* [Activity]: Out of the material that follows, write out exactly the lines from the line with "#54=CARTESIAN_POINT('',(5.0165,9.70179425415731,-174.625));" to the line with "#60=EDGE_CURVE('E222',#57,#59,#55,.T.);", both ends included, and no others.

* [Extracted records]:

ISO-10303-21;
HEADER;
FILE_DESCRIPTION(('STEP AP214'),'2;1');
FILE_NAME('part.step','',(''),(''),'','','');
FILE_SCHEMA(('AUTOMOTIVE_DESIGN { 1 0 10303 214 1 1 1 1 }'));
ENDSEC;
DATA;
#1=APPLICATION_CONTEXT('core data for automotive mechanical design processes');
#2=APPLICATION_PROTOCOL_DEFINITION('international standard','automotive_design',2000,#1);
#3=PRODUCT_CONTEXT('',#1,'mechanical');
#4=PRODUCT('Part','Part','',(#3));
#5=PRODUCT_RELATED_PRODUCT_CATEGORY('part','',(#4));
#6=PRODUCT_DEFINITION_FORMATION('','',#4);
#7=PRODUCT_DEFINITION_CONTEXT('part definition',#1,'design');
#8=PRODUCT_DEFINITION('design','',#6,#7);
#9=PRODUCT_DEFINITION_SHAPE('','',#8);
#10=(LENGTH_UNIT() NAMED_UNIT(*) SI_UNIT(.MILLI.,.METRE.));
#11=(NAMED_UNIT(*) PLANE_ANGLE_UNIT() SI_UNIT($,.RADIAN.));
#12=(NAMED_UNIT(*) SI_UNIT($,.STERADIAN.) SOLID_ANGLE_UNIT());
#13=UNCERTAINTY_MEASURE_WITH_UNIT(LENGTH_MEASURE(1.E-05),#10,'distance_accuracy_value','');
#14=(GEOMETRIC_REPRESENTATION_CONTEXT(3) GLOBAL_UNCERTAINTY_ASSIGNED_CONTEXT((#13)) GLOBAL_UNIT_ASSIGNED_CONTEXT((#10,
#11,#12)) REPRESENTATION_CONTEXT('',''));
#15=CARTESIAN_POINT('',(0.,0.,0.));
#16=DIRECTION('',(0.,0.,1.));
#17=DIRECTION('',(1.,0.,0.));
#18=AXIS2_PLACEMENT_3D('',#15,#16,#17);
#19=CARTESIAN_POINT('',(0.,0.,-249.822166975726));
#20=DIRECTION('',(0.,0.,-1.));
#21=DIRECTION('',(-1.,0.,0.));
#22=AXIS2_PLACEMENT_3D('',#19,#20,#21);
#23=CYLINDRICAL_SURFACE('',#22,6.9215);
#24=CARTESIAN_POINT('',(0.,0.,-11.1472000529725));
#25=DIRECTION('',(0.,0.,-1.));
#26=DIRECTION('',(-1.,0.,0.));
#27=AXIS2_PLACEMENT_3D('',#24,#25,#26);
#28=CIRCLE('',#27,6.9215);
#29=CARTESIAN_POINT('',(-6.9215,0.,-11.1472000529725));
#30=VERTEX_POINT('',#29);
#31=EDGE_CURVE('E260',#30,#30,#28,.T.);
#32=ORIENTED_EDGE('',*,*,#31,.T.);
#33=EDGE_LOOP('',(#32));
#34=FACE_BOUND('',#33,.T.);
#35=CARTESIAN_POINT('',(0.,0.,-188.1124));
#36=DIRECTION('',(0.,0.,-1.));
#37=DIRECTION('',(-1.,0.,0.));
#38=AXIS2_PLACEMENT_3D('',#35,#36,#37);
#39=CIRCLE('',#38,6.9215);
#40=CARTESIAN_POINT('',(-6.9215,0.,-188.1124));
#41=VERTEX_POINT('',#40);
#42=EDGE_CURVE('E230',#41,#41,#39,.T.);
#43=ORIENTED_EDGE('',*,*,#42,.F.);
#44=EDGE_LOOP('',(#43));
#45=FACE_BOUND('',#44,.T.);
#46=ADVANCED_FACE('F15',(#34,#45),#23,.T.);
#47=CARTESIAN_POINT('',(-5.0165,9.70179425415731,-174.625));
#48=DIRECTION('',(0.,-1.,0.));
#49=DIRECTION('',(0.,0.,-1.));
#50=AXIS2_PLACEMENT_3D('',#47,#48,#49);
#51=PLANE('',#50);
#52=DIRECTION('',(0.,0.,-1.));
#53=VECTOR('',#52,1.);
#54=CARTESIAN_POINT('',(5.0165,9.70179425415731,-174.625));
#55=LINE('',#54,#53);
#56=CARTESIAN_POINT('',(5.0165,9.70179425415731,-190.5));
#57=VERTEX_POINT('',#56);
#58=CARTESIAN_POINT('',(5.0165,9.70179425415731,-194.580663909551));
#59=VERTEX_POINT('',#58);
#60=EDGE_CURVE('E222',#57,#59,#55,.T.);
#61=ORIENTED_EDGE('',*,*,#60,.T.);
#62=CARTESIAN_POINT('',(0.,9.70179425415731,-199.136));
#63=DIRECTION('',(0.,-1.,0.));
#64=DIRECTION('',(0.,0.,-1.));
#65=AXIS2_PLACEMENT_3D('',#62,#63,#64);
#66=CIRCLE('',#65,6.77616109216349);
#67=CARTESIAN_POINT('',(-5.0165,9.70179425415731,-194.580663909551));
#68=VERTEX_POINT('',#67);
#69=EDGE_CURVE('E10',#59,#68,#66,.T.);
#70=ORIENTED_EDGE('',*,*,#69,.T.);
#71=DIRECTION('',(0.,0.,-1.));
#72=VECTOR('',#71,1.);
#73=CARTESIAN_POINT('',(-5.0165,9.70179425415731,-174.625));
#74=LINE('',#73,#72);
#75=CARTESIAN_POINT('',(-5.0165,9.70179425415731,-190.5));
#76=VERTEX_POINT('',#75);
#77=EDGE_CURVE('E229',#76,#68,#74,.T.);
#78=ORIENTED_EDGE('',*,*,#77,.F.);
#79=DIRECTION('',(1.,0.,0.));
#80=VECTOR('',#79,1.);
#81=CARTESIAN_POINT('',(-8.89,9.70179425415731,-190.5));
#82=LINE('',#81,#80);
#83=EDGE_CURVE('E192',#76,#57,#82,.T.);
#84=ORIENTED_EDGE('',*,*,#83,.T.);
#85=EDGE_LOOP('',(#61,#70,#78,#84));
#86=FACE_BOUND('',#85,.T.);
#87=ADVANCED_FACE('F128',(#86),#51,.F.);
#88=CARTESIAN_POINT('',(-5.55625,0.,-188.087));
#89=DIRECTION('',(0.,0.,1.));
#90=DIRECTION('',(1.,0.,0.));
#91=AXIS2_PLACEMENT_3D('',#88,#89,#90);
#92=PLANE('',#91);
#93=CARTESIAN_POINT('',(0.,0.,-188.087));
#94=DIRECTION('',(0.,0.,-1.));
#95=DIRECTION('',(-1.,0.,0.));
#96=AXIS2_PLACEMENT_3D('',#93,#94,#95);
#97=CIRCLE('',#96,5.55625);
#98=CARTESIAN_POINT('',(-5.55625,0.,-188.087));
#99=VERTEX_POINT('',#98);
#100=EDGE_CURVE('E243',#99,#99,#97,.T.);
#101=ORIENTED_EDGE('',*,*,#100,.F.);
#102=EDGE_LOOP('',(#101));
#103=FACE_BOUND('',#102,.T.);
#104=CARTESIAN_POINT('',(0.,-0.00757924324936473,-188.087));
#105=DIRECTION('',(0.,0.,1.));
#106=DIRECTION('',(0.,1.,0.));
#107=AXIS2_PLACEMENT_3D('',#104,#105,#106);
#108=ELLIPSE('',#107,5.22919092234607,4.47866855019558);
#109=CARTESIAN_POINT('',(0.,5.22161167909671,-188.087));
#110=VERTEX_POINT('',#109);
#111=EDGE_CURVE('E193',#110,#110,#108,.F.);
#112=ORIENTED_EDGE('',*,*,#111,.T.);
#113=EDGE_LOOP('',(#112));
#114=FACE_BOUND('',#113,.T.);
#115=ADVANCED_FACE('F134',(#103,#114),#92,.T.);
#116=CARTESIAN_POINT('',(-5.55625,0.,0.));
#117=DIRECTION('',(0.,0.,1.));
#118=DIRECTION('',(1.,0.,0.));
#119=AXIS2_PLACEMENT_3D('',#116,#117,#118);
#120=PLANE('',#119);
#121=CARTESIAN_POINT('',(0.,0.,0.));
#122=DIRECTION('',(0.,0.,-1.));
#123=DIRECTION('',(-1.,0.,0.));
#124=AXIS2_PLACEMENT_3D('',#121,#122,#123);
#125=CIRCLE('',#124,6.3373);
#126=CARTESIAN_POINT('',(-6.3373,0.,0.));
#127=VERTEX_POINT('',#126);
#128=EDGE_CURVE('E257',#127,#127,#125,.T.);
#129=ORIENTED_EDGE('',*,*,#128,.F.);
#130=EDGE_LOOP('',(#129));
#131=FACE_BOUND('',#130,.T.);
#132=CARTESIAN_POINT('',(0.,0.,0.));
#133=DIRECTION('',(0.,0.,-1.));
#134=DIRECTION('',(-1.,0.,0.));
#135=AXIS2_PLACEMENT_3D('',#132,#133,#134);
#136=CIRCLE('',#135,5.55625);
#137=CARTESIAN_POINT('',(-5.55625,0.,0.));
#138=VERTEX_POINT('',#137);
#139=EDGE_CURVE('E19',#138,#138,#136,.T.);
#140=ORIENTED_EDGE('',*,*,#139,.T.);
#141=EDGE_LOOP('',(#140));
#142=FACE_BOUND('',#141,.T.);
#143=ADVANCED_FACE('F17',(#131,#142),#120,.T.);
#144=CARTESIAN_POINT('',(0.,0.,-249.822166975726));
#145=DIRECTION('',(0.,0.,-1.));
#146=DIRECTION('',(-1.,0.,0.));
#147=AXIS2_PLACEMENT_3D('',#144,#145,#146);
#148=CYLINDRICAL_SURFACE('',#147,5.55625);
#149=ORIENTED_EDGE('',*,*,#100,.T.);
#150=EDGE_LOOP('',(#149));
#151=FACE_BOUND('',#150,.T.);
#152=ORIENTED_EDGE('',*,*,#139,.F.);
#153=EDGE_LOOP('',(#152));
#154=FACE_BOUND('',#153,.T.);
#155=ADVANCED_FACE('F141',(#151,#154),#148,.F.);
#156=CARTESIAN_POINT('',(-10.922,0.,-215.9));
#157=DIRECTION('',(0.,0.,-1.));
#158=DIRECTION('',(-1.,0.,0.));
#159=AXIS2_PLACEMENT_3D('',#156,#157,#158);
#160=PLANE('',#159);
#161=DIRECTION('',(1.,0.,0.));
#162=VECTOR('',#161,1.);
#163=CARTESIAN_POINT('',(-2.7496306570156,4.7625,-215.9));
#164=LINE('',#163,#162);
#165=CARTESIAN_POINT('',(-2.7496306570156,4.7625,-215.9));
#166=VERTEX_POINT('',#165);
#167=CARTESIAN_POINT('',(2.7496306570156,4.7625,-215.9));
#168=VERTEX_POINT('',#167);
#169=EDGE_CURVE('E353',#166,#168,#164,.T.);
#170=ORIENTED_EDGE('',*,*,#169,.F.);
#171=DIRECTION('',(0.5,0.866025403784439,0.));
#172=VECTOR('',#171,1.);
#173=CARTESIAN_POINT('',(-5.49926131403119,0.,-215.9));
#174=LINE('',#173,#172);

* [Output of the task]:
#54=CARTESIAN_POINT('',(5.0165,9.70179425415731,-174.625));
#55=LINE('',#54,#53);
#56=CARTESIAN_POINT('',(5.0165,9.70179425415731,-190.5));
#57=VERTEX_POINT('',#56);
#58=CARTESIAN_POINT('',(5.0165,9.70179425415731,-194.580663909551));
#59=VERTEX_POINT('',#58);
#60=EDGE_CURVE('E222',#57,#59,#55,.T.);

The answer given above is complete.